The following code is from PEP3115 except for the last couple of lines which I added to print out the methods in order:
以下代码来自 PEP3115,除了我添加的最后几行以按顺序打印出方法:
# The custom dictionary
class member_table(dict):
def __init__(self):
self.member_names = []
def __setitem__(self, key, value):
# if the key is not already defined, add to the
# list of keys.
if key not in self:
self.member_names.append(key)
# Call superclass
dict.__setitem__(self, key, value)
# The metaclass
class OrderedClass(type):
# The prepare function
@classmethod
def __prepare__(metacls, name, bases): # No keywords in this case
return member_table()
# The metaclass invocation
def __new__(cls, name, bases, classdict):
# Note that we replace the classdict with a regular
# dict before passing it to the superclass, so that we
# don't continue to record member names after the class
# has been created.
result = type.__new__(cls, name, bases, dict(classdict))

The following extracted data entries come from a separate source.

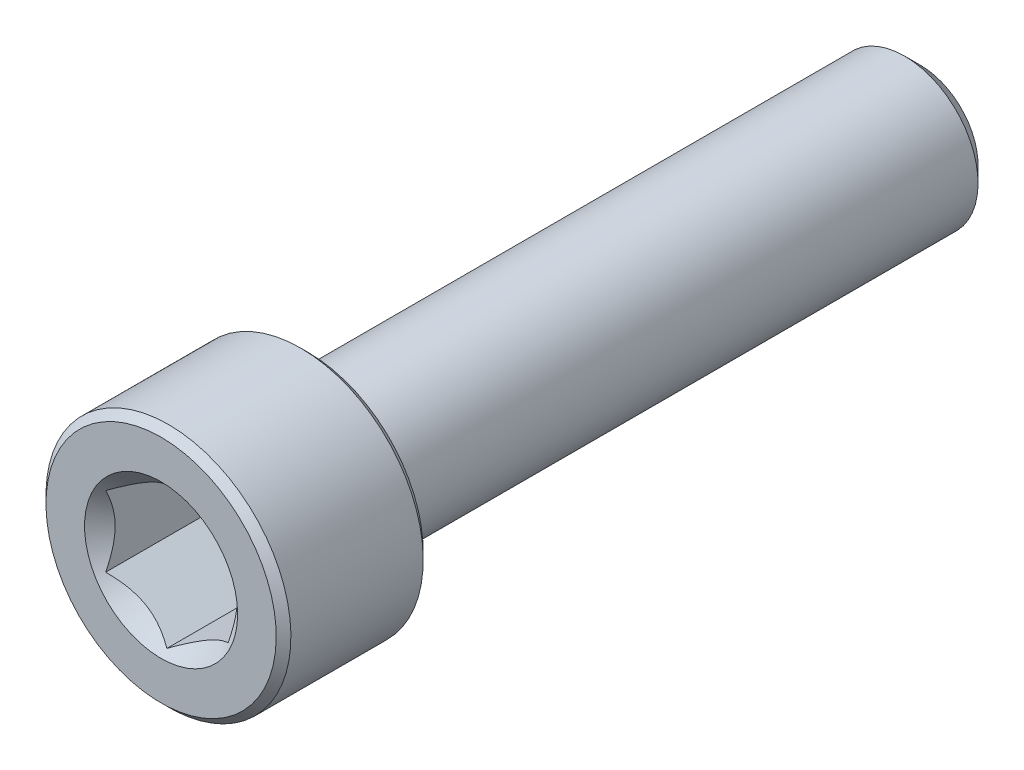
SolidWorks part; units mm, degrees
ref_plane "Front Plane" through (0, 0, 0) normal (0, 0, 1) x (1, 0, 0)
ref_plane "Top Plane" through (0, 0, 0) normal (0, 1, 0) x (1, 0, 0)
ref_plane "Right Plane" through (0, 0, 0) normal (1, 0, 0) x (0, 0, -1)
sketch "Sketch1" plane through (0, 0, 0) normal (1, 0, 0) x (0, 0, -1)
  line L0 (-15.5, 0) -> (15.5, 0) construction
  line L1 (15.5, 0) -> (15.5, 2.3505) construction
  line L2 (15.5, 2.3505) -> (14.8505, 3) construction
  line L3 (14.8505, 3) -> (14.75, 3) construction
  line L4 (14.75, 3) -> (-9.5, 3) construction
  line L5 (-9.5, 3) -> (-9.5, 5) construction
  line L6 (-9.5, 5) -> (-15.5, 5) construction
  line L7 (-15.5, 5) -> (-15.5, 0) construction
  line L8 (15.5, 2.3505) -> (15.5, 3) construction
  line L9 (15.4375, 3.1083) -> (15.9375, 2.2422) construction
  line L10 (15.9375, 2.2422) -> (16.4375, 3.1083) construction
  line L11 (16.4375, 3.1083) -> (15.4375, 3.1083) construction
  line L12 (15.9375, 3.1083) -> (15.9375, 3) construction
  line L13 (15.9375, 2.2422) -> (15.9375, 2.3505) construction
  line L14 (15.875, 2.3505) -> (16, 2.3505) construction
  line L15 (15.5, 3) -> (16.375, 3) construction
  line L16 (15.4688, 3.0541) -> (16.4062, 3.0541) construction
  line L17 (15.5, 0) -> (15.5, -3) construction
  line L18 (-9.8, 5) -> (-9.5, 4.7) construction
  line L19 (-15.2, 5) -> (-15.5, 4.7) construction
  line L20 (-9.5, 3) -> (-9.5, 0) construction
  line L21 (-9.5, 1.5) -> (-1.1667, 1.5) construction
  line L22 (-1.1667, 1.5) -> (7.1667, 1.5) construction
  line L23 (7.1667, 1.5) -> (15.5, 1.5) construction
  line L24 (-1.1667, 1.5) -> (-1.1667, 3) construction
  line L25 (-1.1667, 3) -> (-1.1667, 5) construction
  line L26 (7.1667, 1.5) -> (7.1667, 5) construction
  point P0 (-15.5, 2.5)
  point P3 (13, 3)
  point P4 (0, 0)
  point P18 (7.1667, 3)
  point P22 (15.9375, 2.3505)
  point P24 (14.75, 3)
  point P25 (15.9375, 3)
  point P28 (15.9375, 3.0541)
  point P29 (13, -3)
  point P30 (-1.1667, 3)
  point P31 (-12.5, 5)
  point P37 (-10.55, 5)
  point P38 (-15.05, 5)
  point P45 (-1.1667, 1.5)
  point P46 (7.1667, 1.5)
  dimension "D2" = 0.125
  dimension "D7" = 0.3
  dimension "D8" = 0.3
  dimension "D9" = 0.3
  dimension "D10" = 0.15
  dimension "D11" = 0.75
  dimension "Drive Size" = 5
  dimension "Head Diameter" = 10
  dimension "Head Height" = 6
  dimension "Thread Pitch" = 1
  dimension "Thread Size" = 6
  dimension "Length" = 25
  dimension "D12" = 0.75
  dimension "D4" = 2.5
  dimension "D3" = 45
sketch "Sketch2" plane through (0, 0, 0) normal (1, 0, 0) x (0, 0, -1)
  line L0 (-15.5, 0) -> (-15.5, 4.7)
  line L1 (-15.2, 5) -> (-9.8, 5)
  line L2 (-9.5, 4.7) -> (-9.5, 3.3)
  line L4 (14.8505, 3) -> (15.5, 2.3505)
  line L5 (15.5, 2.3505) -> (15.5, 0)
  line L6 (-9.5, 5) -> (-15.5, 5) construction
  line L7 (15.5, 0) -> (-15.5, 0)
  line L8 (-15.2, 5) -> (-15.5, 4.7) construction
  line L10 (-15.2, 5) -> (-15.5, 4.7)
  line L14 (-9.8, 5) -> (-9.5, 4.7) construction
  line L16 (-9.8, 5) -> (-9.5, 4.7)
  line L17 (-9.5, 3) -> (-9.5, 5) construction
  line L19 (-9.2, 3) -> (14.8505, 3)
  line L20 (14.75, 3) -> (-9.5, 3) construction
  arc A1 (-9.5, 3.3) -> (-9.2, 3) centre (-9.2, 3.3) ccw
  dimension "D3" = 0.3
revolve "Revolve1" add sketch "Sketch2" angle 360 about L7
sketch "Sketch3" plane through (0, 0, 15.5) normal (0, 0, 1) x (1, 0, 0)
  line L1 (2.5, -1.4434) -> (2.5, 1.4434)
  line L2 (2.5, 1.4434) -> (0, 2.8868)
  line L3 (0, 2.8868) -> (-2.5, 1.4434)
  line L4 (-2.5, 1.4434) -> (-2.5, -1.4434)
  line L5 (-2.5, -1.4434) -> (0, -2.8868)
  line L6 (0, -2.8868) -> (2.5, -1.4434)
  circle A0 centre (0, 0) radius 2.5 construction
  circle A1 centre (0, 0) radius 5 construction
  circle A2 centre (0, 0) radius 5 construction
  circle A3 centre (0, 0) radius 2.8868 construction
  point P13 (0, 0)
extrude "Cut-Extrude1" cut sketch "Sketch3" against normal offset from surface (5 mm away) 1 up to face at (0, 4.7, 9.5)
sketch "Sketch4" plane through (0, 0, 15.5) normal (0, 0, 1) x (1, 0, 0)
  circle A0 centre (0, 0) radius 3.125
  dimension "D1" = 6.25
extrude "Cut-Extrude2" cut sketch "Sketch4" against normal up to vertex (3 mm away) draft 45 up to point (0, 5, 12.5)
sketch "Sketch11" plane through (0, 0, 0) normal (1, 0, 0) x (0, 0, -1)
  line L0 (-15.5, 0) -> (15.5, 0) construction
  line L1 (-15.5, 0) -> (15.5, 0) construction
  line L2 (-4.8125, 0) -> (-4.8125, 3) construction
  line L3 (14.75, 3) -> (-9.5, 3) construction
  line L4 (10.8125, 0) -> (10.8125, 3) construction
  line L6 (15.5, 2.3505) -> (15.5, 3) construction
  point P2 (-4.8125, 0)
  point P3 (10.8125, 0)
  dimension "D1" = 4.6875
  dimension "D2" = 4.6875
sketch "Sketch6" [suppressed] plane through (0, 0, -15.5) normal (0, 0, -1) x (-1, 0, 0)
  circle A0 centre (0, 0) radius 3
curve "Helix/Spiral1" [suppressed] pitch 1 height 26 turns 26
sketch "Sketch10" [suppressed] plane through (0, 0, 0) normal (1, 0, 0) x (0, 0, -1)
  line L0 (-9.2, -5) -> (-9.2, 5)
  line L5 (-15.5, 0) -> (15.5, 0) construction
  line L6 (-9.2, 3) -> (-9.2, -3) construction
  point P3 (-9.2, 0)
split "Split1" [suppressed] bodies to split 106
sketch "Sketch7" [suppressed] plane through (0, 0, 0) normal (1, 0, 0) x (0, 0, -1)
  line L0 (15.4688, 3.0541) -> (16.4062, 3.0541)
  line L1 (16.4062, 3.0541) -> (16, 2.3505)
  line L2 (16, 2.3505) -> (15.875, 2.3505)
  line L3 (15.875, 2.3505) -> (15.4688, 3.0541)
sweep "Cut-Sweep1" [suppressed] cut profiles "Sketch7" path "Helix/Spiral1"
sketch "Sketch8" [suppressed] plane through (0, 0, 0) normal (1, 0, 0) x (0, 0, -1)
  line L0 (-9.5, 0) -> (-9.5, 3)
  line L1 (-9.2, -3) -> (-9.2, 3) construction
  line L2 (-9.5, 3) -> (-9.2, 3)
  line L4 (-9.2, 3) -> (-7.4679, 0)
  line L5 (-7.4679, 0) -> (-9.5, 0)
  line L6 (14.75, 3) -> (-9.5, 3) construction
  line L7 (-15.5, 0) -> (15.5, 0) construction
  dimension "D1" = 60
revolve "Revolve2" [suppressed] add sketch "Sketch8" angle 360 about L5
ref_plane "Plane1" [suppressed] through (0, 0, 15.5) normal (0, 0, 1) x (1, 0, 0)
sketch "Sketch12" [suppressed] plane through (0, 0, 15.5) normal (0, 0, 1) x (1, 0, 0)
  line L0 (0, 0) -> (0.1745, 4.997) construction
  line L1 (0, 0) -> (-0.1745, 4.997) construction
  line L2 (0, 4.875) -> (0, 5.125) construction
  line L3 (-0.3025, 5.125) -> (0.3025, 5.125)
  line L4 (-0.3025, 5.125) -> (-0.0897, 4.9122)
  line L5 (0.0897, 4.9122) -> (0.3025, 5.125)
  circle A0 centre (0, 0) radius 5 construction
  arc A1 (-0.0897, 4.9122) -> (0.0897, 4.9122) centre (0, 5.0019) ccw
  point P9 (0, 5.125)
  point P13 (0, 5)
  dimension "D2" = 0.125
  dimension "D1" = 4
extrude "Cut-Extrude3" [suppressed] cut sketch "Sketch12" against normal blind 4.8
pattern_circular "CirPattern1" [suppressed] count 72 over 360 about axis through (0, 0, 15.5) along (0, 0, -1) of bodies 118
equation "\"D2@Sketch1\" = \"Thread Pitch@Sketch1\" / 8"
equation "\"D4@Helix/Spiral1\" = \"Thread Pitch@Sketch1\""
equation "\"D7@Sketch1\" = \"Head Height@Sketch1\" * .05"
equation "\"D8@Sketch1\"=\"D7@Sketch1\""
equation "\"D9@Sketch1\"=\"D7@Sketch1\""
equation "\"D10@Sketch1\"=\"D7@Sketch1\"/2"
equation "\"D11@Sketch1\"=\"D10@Sketch1\"*5"
equation "\"D4@Sketch1\"=\"Thread Pitch@Sketch1\"*2.5"
equation "\"D12@Sketch1\"=\"Thread Pitch@Sketch1\"*.75"
equation "\"D3@Helix/Spiral1\"=\"Length@Sketch1\"+\"Thread Pitch@Sketch1\""
equation "\"D3@Sketch2\" = \"Thread Size@Sketch1\" * 0.05"
equation "\"D1@Sketch11\"=\"Length@Sketch1\"*0.1875"
equation "\"D2@Sketch11\"=\"D1@Sketch11\""
equation "\"D2@Sketch12\"=\"Head Diameter@Sketch1\"*.0125"
equation "\"D1@Cut-Extrude3\"=\"Head Height@Sketch1\"*.8"
equation "\"D1@CirPattern1\"=\"D3@CirPattern1\"/(1.25*\"D1@Sketch12\")"
equation "\"D1@Sketch4\"=\"Drive Size@Sketch1\"*1.25"

result.member_names = classdict.member_names
return result
class MyClass(metaclass=OrderedClass):
# method1 goes in array element 0
def method1(self):
pass
# method2 goes in array element 1
def method2(self):
pass
x = MyClass()
print([name for name in x.member_names if hasattr(getattr(x, name), '__call__')])
回答by sergzach
There is probably one of the shortest methods (the class name is C):
可能有最短的方法之一(类名是C):
for func in filter(lambda x: callable(x), C.__dict__.values()):
pass # here func is the next function, you can execute it here
The filterexpression returns all functions of the class C.
该过滤器表达式返回类C的所有功能。
OR in one line:
或在一行中:
[func() for func in filter(lambda x: callable(x), C.__dict__.values())]
You can order somehow the functions, for example, by lexicographical order of their names by little more complex expression.
您可以以某种方式对函数进行排序,例如,通过更复杂的表达式按其名称的字典顺序。
回答by Azim
This works and preserves the order:
这有效并保留了顺序:
class F:
def f1(self, a):
return (a * 1)
def f2(self, a):
return (a * 2)
def f3(self, a):
return (a * 3)
allFuncs = [f1, f2, f3]
def main():
myF = F()
a = 10
for f in myF.allFuncs:
print('{0}--> {1}'.format(a, f(myF, a)))
The output would be:
输出将是:
10--> 10
10--> 20
10--> 30
Note:The advantage of using this instead of F.__dict__.values()is that here you can have a list of those functions that you prefer to be called, and not necessarily all of them.
注意:使用 this 代替的好处F.__dict__.values()是,您可以在此处列出您喜欢调用的函数列表,而不一定是所有函数。